[44] The Memories

4.7K 746 17
                                    

Gadis itu menatap tubuh yang terbujur kaku penuh darah di depannya. Tatapannya kosong, datar dan tidak memiliki gairah hidup. Di tangan nya terdapat pisau berlumuran darah. Gadis itu menghembuskan nafas panjang. "Akhirnya bebas, ya?"

Dia berjongkok dan memeriksa mayat seorang pria paruh baya yang terbujur kaku dengan tubuh penuh luka tusukan. Wajah itu sangat mirip dengan wajahnya, namun beda nya aura yang di keluarkan pria itu seperti iblis.

"Terima kasih sudah membesarkan ku selama ini, ayah." Gadis itu mengusap kening ayahnya yang dingin dan pucat. "Aku sangat berterima kasih.

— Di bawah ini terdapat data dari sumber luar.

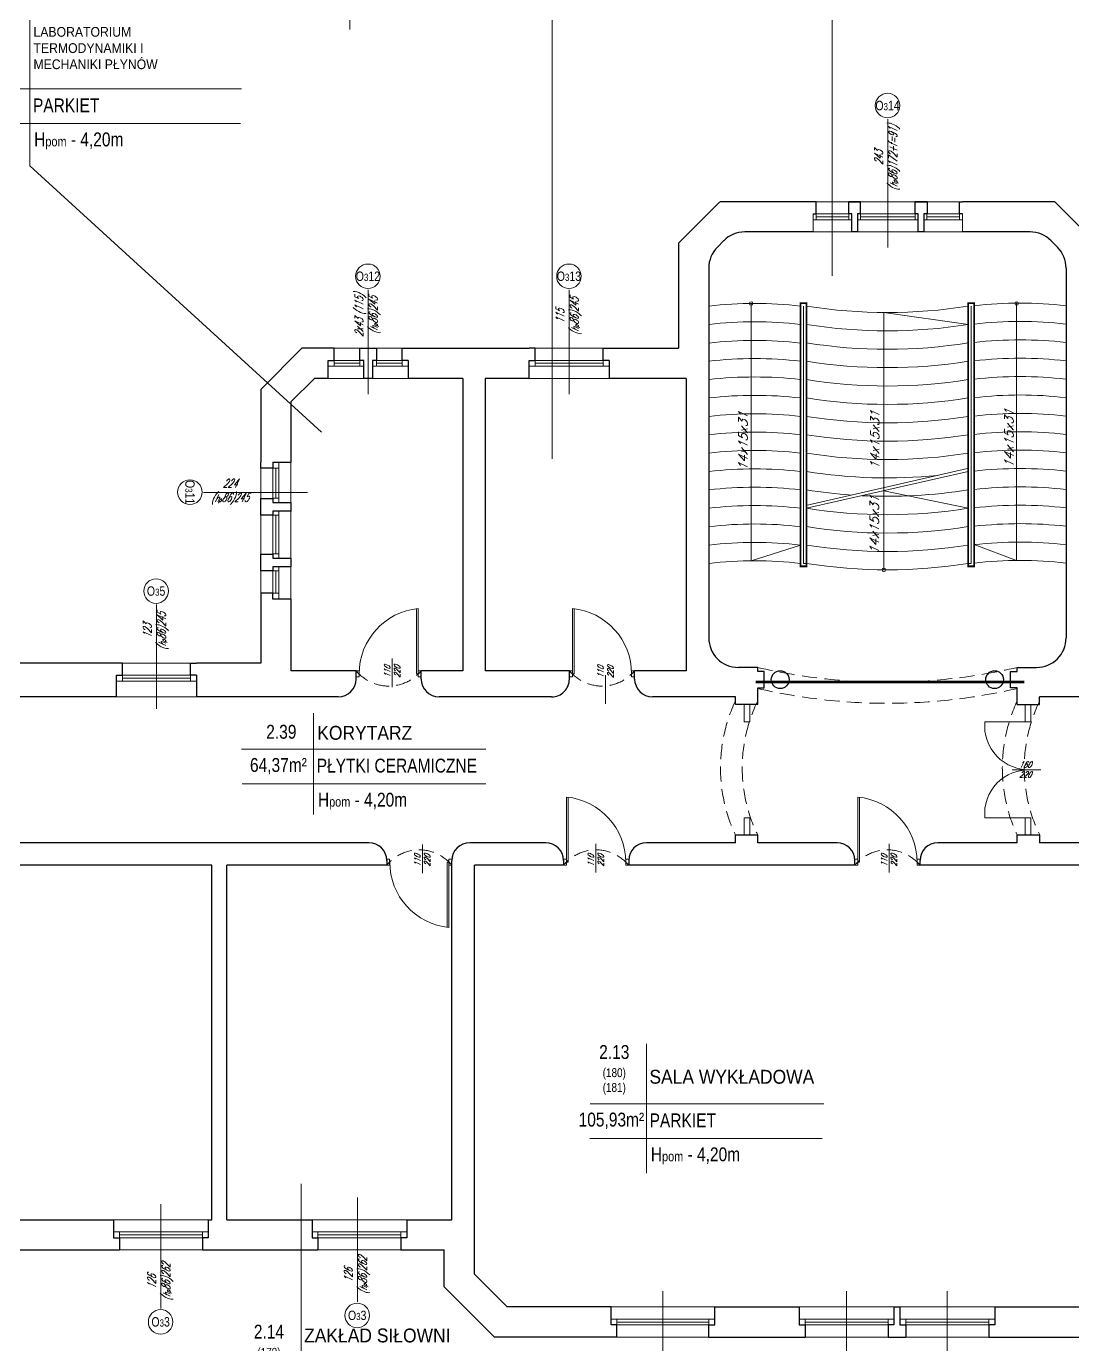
# Model space of a CAD drawing. Header units: millimetres. Extents: x -18485 to 40303, y -22087 to 35064.
# Drawn here: x 3339 to 5104, y 5086 to 7310 of the extents above; entities that cross this region are included whole.
import ezdxf

# ---------------------------------------------------------------- set-up
doc = ezdxf.new("R2010")
doc.units = ezdxf.units.MM
doc.linetypes.add('ACAD_ISO12W100', pattern=[21, 12, -3, 0, -3, 0, -3])
doc.linetypes.add('DASHED', pattern=[19.05, 12.7, -6.35])
for name, color, linetype, lineweight in [('01 parter - ściany', 2, 'Continuous', 25), ('03-01_okna', 5, 'Continuous', 15), ('03-02_schody', 6, 'Continuous', 5), ('03_drzwi', 1, 'Continuous', 0), ('04-1_widok', 251, 'Continuous', 5), ('04-2_nad', 251, 'DASHED', 5), ('05-03_opis', 10, 'Continuous', 5)]:
    doc.layers.add(name, color=color, linetype=linetype, lineweight=lineweight)
doc.styles.add('ariel', font='arial.ttf', dxfattribs={"width": 0.8})
doc.styles.add('ariel_wym', font='simplex.shx', dxfattribs={"width": 0.65, "oblique": 25})

msp = doc.modelspace()

# ---------------------------------------------------------------- linework, layer by layer
at = {"layer": '01 parter - ściany'}
for p, q in [((4439.3, 6944), (4509.3, 7014)), ((4666.5, 7014), (4509.4, 7014)), ((4726.5, 6993.5), (4726.5, 7014)), ((4726.5, 7014), (4746.5, 7014)), ((4746.5, 7014), (4726.5, 7014)), ((4746.5, 6993.5), (4746.5, 7014)), ((4838.5, 6993.5), (4838.5, 7014)), ((4838.5, 7014), (4858.6, 7014)), ((4858.6, 7014), (4838.5, 7014)), ((4858.6, 7014), (4858.6, 6993.5)), ((5074.4, 7014), (4918.5, 7014)), ((5144.3, 6944), (5074.4, 7014)), ((4731.5, 6993.5), (4726.5, 6993.5)), ((4731.5, 6963), (4731.5, 6993.5)), ((4746.5, 6993.5), (4741.5, 6993.5)), ((4741.5, 6993.5), (4741.5, 6963)), ((4843.5, 6993.5), (4838.5, 6993.5)), ((4843.5, 6963), (4843.5, 6993.5)), ((4858.6, 6993.5), (4853.5, 6993.5)), ((4853.5, 6993.5), (4853.5, 6963)), ((4665.8, 6963), (4551.1, 6963)), ((4741.5, 6963), (4731.5, 6963)), ((4853.5, 6963), (4843.5, 6963)), ((5032.5, 6963), (4917.8, 6963)), ((4439.3, 6944), (4439.3, 6767)), ((4504.9, 6937.5), (4515.8, 6948.4)), ((5078.6, 6937.6), (5067.8, 6948.4)), ((4490.3, 6902.2), (4490.3, 6716)), ((5093.2, 6902.2), (5093.3, 6716)), ((3734.3, 6697.6), (3804.3, 6767.6)), ((3804.3, 6767.6), (3848.2, 6767.6)), ((3983.1, 6767), (4187.5, 6767)), ((4322.4, 6767), (4439.3, 6767)), ((3848.2, 6716), (3848.2, 6746.5)), ((3983.1, 6746.5), (3983.1, 6716)), ((4187.5, 6716), (4187.5, 6746.5)), ((4322.4, 6746.5), (4322.4, 6716)), ((3785.3, 6676.5), (3824.8, 6716)), ((3848.2, 6716), (3824.8, 6716)), ((4075.3, 6716), (3983.1, 6716)), ((4075.3, 6716), (4075.3, 6223)), ((4113.3, 6716), (4113.3, 6223)), ((4187.5, 6716), (4113.3, 6716)), ((4452.3, 6716), (4322.4, 6716)), ((4452.3, 6716), (4452.3, 6223)), ((4490.3, 6716), (4490.3, 6278.5)), ((5093.3, 6716), (5093.3, 6278.5)), ((3734.3, 6697.6), (3734.3, 6574.9)), ((3785.3, 6676.5), (3785.3, 6574.9)), ((3754.8, 6574.9), (3785.3, 6574.9)), ((3734.3, 6343.9), (3734.3, 6236)), ((3785.3, 6343.9), (3754.8, 6343.9)), ((3785.3, 6343.9), (3785.3, 6223)), ((3490.9, 6236), (3299.5, 6236)), ((3490.9, 6236), (3299.5, 6236)), ((3721.3, 6236), (3625.8, 6236)), ((3734.3, 6236), (3625.8, 6236)), ((4572.9, 6228.5), (4540.3, 6228.5)), ((4572.9, 6221.5), (4572.9, 6228.5)), ((5010.7, 6221.5), (5010.7, 6228.5)), ((5010.7, 6228.5), (5043.3, 6228.5)), ((3490.9, 6179), (3490.9, 6215.5)), ((3625.8, 6215.5), (3625.8, 6179)), ((3895.2, 6223), (3785.4, 6223)), ((3895.2, 6209), (3895.2, 6223)), ((4075.3, 6223), (4005.2, 6223)), ((4005.2, 6209), (4005.2, 6223)), ((4255.2, 6223), (4113.3, 6223)), ((4255.2, 6209), (4255.2, 6223)), ((4452.3, 6223), (4365.2, 6223)), ((4365.2, 6209), (4365.2, 6223)), ((4583.9, 6221.5), (4572.9, 6221.5)), ((4583.9, 6194), (4583.9, 6221.5)), ((4999.7, 6194), (4999.7, 6221.5)), ((4999.7, 6221.5), (5010.7, 6221.5)), ((4572.9, 6166), (4572.9, 6194)), ((4572.9, 6194), (4583.9, 6194)), ((5010.7, 6194), (4999.7, 6194)), ((5010.7, 6166), (5010.7, 6194)), ((3490.9, 6179), (3299.4, 6179)), ((3785.3, 6179), (3625.8, 6179)), ((3865.2, 6179), (3785.3, 6179)), ((4225.2, 6179), (4035.2, 6179)), ((4535.2, 6179), (4395.2, 6179)), ((4535.2, 6179), (4395.2, 6179)), ((4535.2, 6166), (4535.2, 6179)), ((4572.9, 6166), (4535.2, 6166)), ((5010.7, 6166), (5048.7, 6166)), ((5248.7, 6179), (5048.7, 6179)), ((5048.7, 6166), (5048.7, 6179)), ((4535.2, 5933), (4535.2, 5946)), ((4535.2, 5946), (4572.9, 5946)), ((4572.9, 5933), (4572.9, 5946)), ((5010.7, 5933), (5010.7, 5946)), ((5010.7, 5946), (5048.7, 5946)), ((5048.7, 5946), (5048.7, 5933)), ((3916.9, 5933), (3121.9, 5933)), ((4215.2, 5933), (4086.9, 5933)), ((4535.2, 5933), (4385.2, 5933)), ((4706.8, 5933), (4572.9, 5933)), ((5010.7, 5933), (4876.8, 5933)), ((5181.7, 5933), (5048.7, 5933)), ((3651.9, 5895), (2994.9, 5895)), ((3651.9, 5297), (3651.9, 5895)), ((3676.9, 5297), (3676.9, 5895)), ((3946.9, 5895), (3676.9, 5895)), ((3946.9, 5903), (3946.9, 5895)), ((4056.9, 5895), (4056.9, 5903)), ((4056.9, 5297), (4056.9, 5895)), ((4094.9, 5205.1), (4094.9, 5895)), ((4245.2, 5895), (4094.9, 5895)), ((4245.2, 5903), (4245.2, 5895)), ((4355.2, 5903), (4355.2, 5895)), ((4736.8, 5895), (4355.2, 5895)), ((4736.8, 5895), (4736.8, 5903)), ((4846.8, 5895), (4846.8, 5903)), ((5211.7, 5895), (4846.8, 5895)), ((3310.9, 5297), (3485.9, 5297)), ((3485.9, 5297), (3485.9, 5266.5)), ((3645.9, 5297), (3651.9, 5297)), ((3645.9, 5297), (3645.9, 5266.5)), ((3676.9, 5297), (3820.9, 5297)), ((3820.9, 5297), (3820.9, 5266.5)), ((3980.9, 5297), (4056.9, 5297)), ((3980.9, 5297), (3980.9, 5266.5)), ((3485.9, 5266.5), (3495.9, 5266.5)), ((3495.9, 5266.5), (3495.9, 5246)), ((3645.9, 5266.5), (3635.9, 5266.5)), ((3635.9, 5266.5), (3635.9, 5246)), ((3820.9, 5266.5), (3830.9, 5266.5)), ((3830.9, 5266.5), (3830.9, 5246)), ((3980.9, 5266.5), (3970.9, 5266.5)), ((3970.9, 5266.5), (3970.9, 5246)), ((3300.9, 5246), (3495.9, 5246)), ((3635.9, 5246), (3830.9, 5246)), ((3970.9, 5246), (4043.9, 5246)), ((4043.9, 5184), (4043.9, 5246)), ((4150, 5150), (4094.9, 5205.1)), ((4128.9, 5099), (4043.9, 5184)), ((4325.4, 5150), (4150, 5150)), ((4325.4, 5119.5), (4325.4, 5150)), ((4500.4, 5119.5), (4500.4, 5150)), ((4500.4, 5150), (4642.9, 5150)), ((4642.9, 5150), (4642.9, 5119.5)), ((4802.9, 5150), (4802.9, 5119.5)), ((4802.9, 5150), (4812.9, 5150)), ((4812.9, 5150), (4812.9, 5119.5)), ((4972.9, 5150), (4972.9, 5119.5)), ((4972.9, 5150), (5115.4, 5150)), ((4335.4, 5119.5), (4325.4, 5119.5)), ((4335.4, 5099), (4335.4, 5119.5)), ((4490.4, 5099), (4490.4, 5119.5)), ((4490.4, 5119.5), (4500.4, 5119.5)), ((4642.9, 5119.5), (4652.9, 5119.5)), ((4652.9, 5119.5), (4652.9, 5099)), ((4802.9, 5119.5), (4792.9, 5119.5)), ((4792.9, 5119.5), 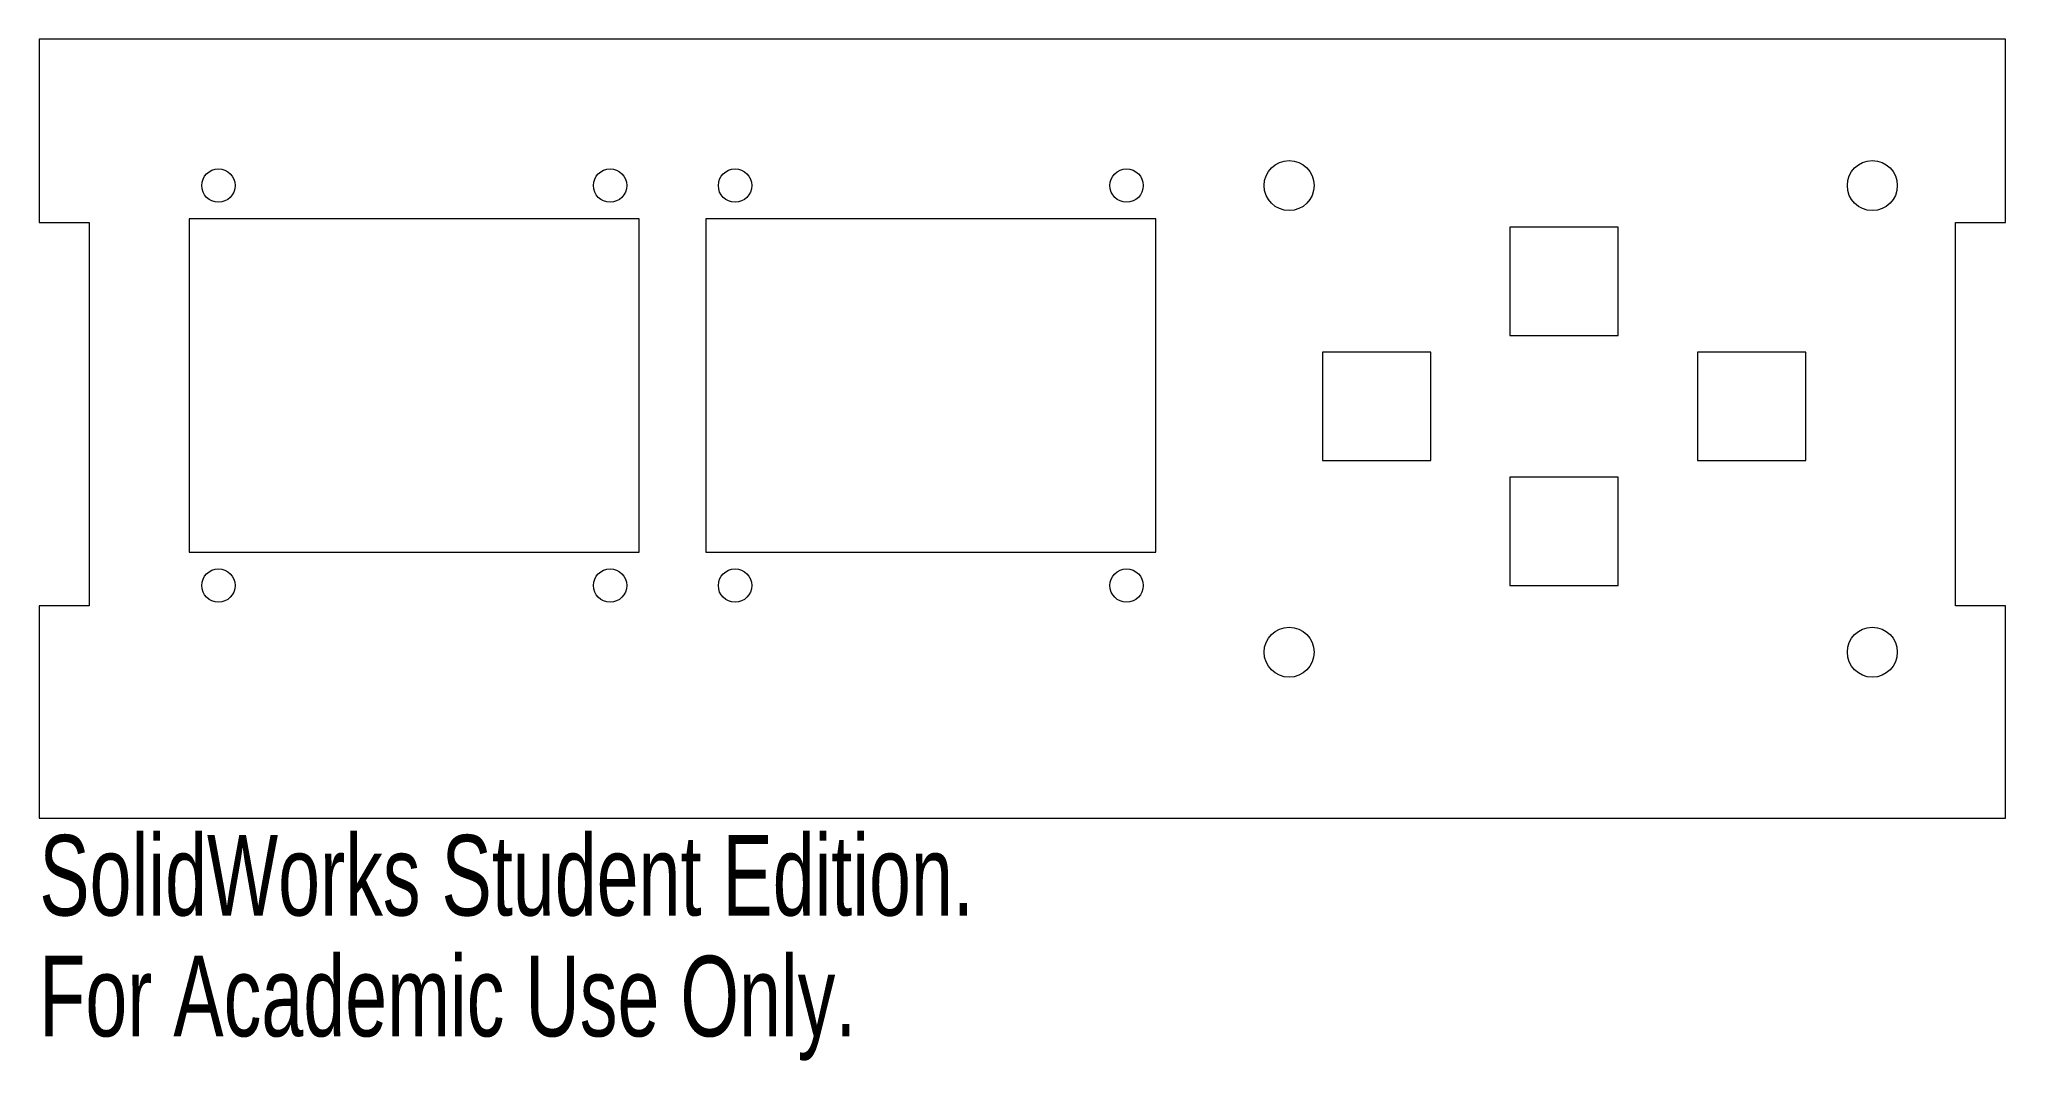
# Model space of a CAD drawing. Header units: millimetres. Extents: x -56 to 62, y -33 to 28.
import ezdxf

# ---------------------------------------------------------------- set-up
doc = ezdxf.new("R2010")
doc.units = ezdxf.units.MM
doc.styles.add('SLDTEXTSTYLE0', font='TXT', dxfattribs={"width": 0.7})

msp = doc.modelspace()

# ---------------------------------------------------------------- linework, layer by layer
at = {"color": 7, "linetype": 'Continuous', "lineweight": 15}
for p, q in [((62.45, 27.85), (-55.55, 27.85)), ((-55.55, 27.85), (-55.55, 16.85)), ((62.45, 16.85), (62.45, 27.85)), ((-55.55, 16.85), (-52.55, 16.85)), ((-52.55, 16.85), (-52.55, -6.15)), ((-19.55, 17.07), (-46.55, 17.07)), ((-46.55, 17.07), (-46.55, -2.93)), ((-19.55, -2.93), (-19.55, 17.07)), ((11.45, 17.07), (-15.55, 17.07)), ((-15.55, 17.07), (-15.55, -2.93)), ((11.45, -2.93), (11.45, 17.07)), ((39.2, 16.57), (32.7, 16.57)), ((32.7, 16.57), (32.7, 10.07)), ((39.2, 10.07), (39.2, 16.57)), ((59.45, 16.85), (62.45, 16.85)), ((59.45, -6.15), (59.45, 16.85)), ((32.7, 10.07), (39.2, 10.07)), ((27.95, 9.07), (21.45, 9.07)), ((21.45, 9.07), (21.45, 2.57)), ((27.95, 2.57), (27.95, 9.07)), ((50.45, 9.07), (43.95, 9.07)), ((43.95, 9.07), (43.95, 2.57)), ((50.45, 2.57), (50.45, 9.07)), ((21.45, 2.57), (27.95, 2.57)), ((43.95, 2.57), (50.45, 2.57)), ((39.2, 1.57), (32.7, 1.57)), ((32.7, 1.57), (32.7, -4.93)), ((39.2, -4.93), (39.2, 1.57)), ((-46.55, -2.93), (-19.55, -2.93)), ((-15.55, -2.93), (11.45, -2.93)), ((32.7, -4.93), (39.2, -4.93)), ((-55.55, -6.15), (-55.55, -18.88)), ((-52.55, -6.15), (-55.55, -6.15)), ((62.45, -6.15), (59.45, -6.15)), ((62.45, -18.88), (62.45, -6.15)), ((-55.55, -18.88), (62.45, -18.88))]:
    msp.add_line(p, q, dxfattribs=at)
for centre, radius in [((-44.8, 19.07), 1), ((-21.3, 19.07), 1), ((-13.8, 19.07), 1), ((9.7, 19.07), 1), ((19.45, 19.07), 1.5), ((54.45, 19.07), 1.5), ((-44.8, -4.93), 1), ((-21.3, -4.93), 1), ((-13.8, -4.93), 1), ((9.7, -4.93), 1), ((19.45, -8.93), 1.5), ((54.45, -8.93), 1.5)]:
    msp.add_circle(centre, radius, dxfattribs=at)

# ---------------------------------------------------------------- texts
at = {"color": 7, "linetype": 'Continuous', "char_height": 4.8336, "attachment_point": 1, "style": 'SLDTEXTSTYLE0'}
for s, insert in [('SolidWorks Student Edition.', (-55.55, -19.9)), ('For Academic Use Only.', (-55.55, -27.15))]:
    msp.add_mtext(s, dxfattribs=dict(at, insert=insert))

doc.saveas('drawing.dxf')

Terima kasih sudah membunuh ibuku, terima kasih sudah membunuh adikku." Gadis itu terkikik, "aku juga akan menyusul. Aku berjanji aku akan bertemu lagi dengan ibu dan adik. Ayah, semoga kau bahagia di neraka."

Gadis itu berbalik untuk melihat tubuh lain yang terbujur kaku tak jauh dari mereka. Tubuh seorang anak laki-laki dengan wajah yang mirip dengannya. Gadis kecil itu mendekat, menatap sang saudara untuk terakhir kalinya. Darah mengalir dari kepala anak laki-laki itu.

Gadis kecil itu mengelus surai halus sang saudara, netranya berlama-lama tinggal untuk menatap jasad sang saudara yang begitu dia sayangi. Harta nya. Kini telah terenggut darinya begitu saja.

"Selamat tinggal, adikku. Aku harap kita bertemu di Surga. Jika aku tidak bisa sampai kesana, tolong jaga ibu untukku disana." Gadis kecil itu terisak dan mengecup kening sang saudara.

Gadis itu meraih botol minyak dan menuangkannya ke tubuh sang ayah. Kemudian dia menyalakan api dan membakar tubuh ayah serta saudaranya beserta rumah miliknya.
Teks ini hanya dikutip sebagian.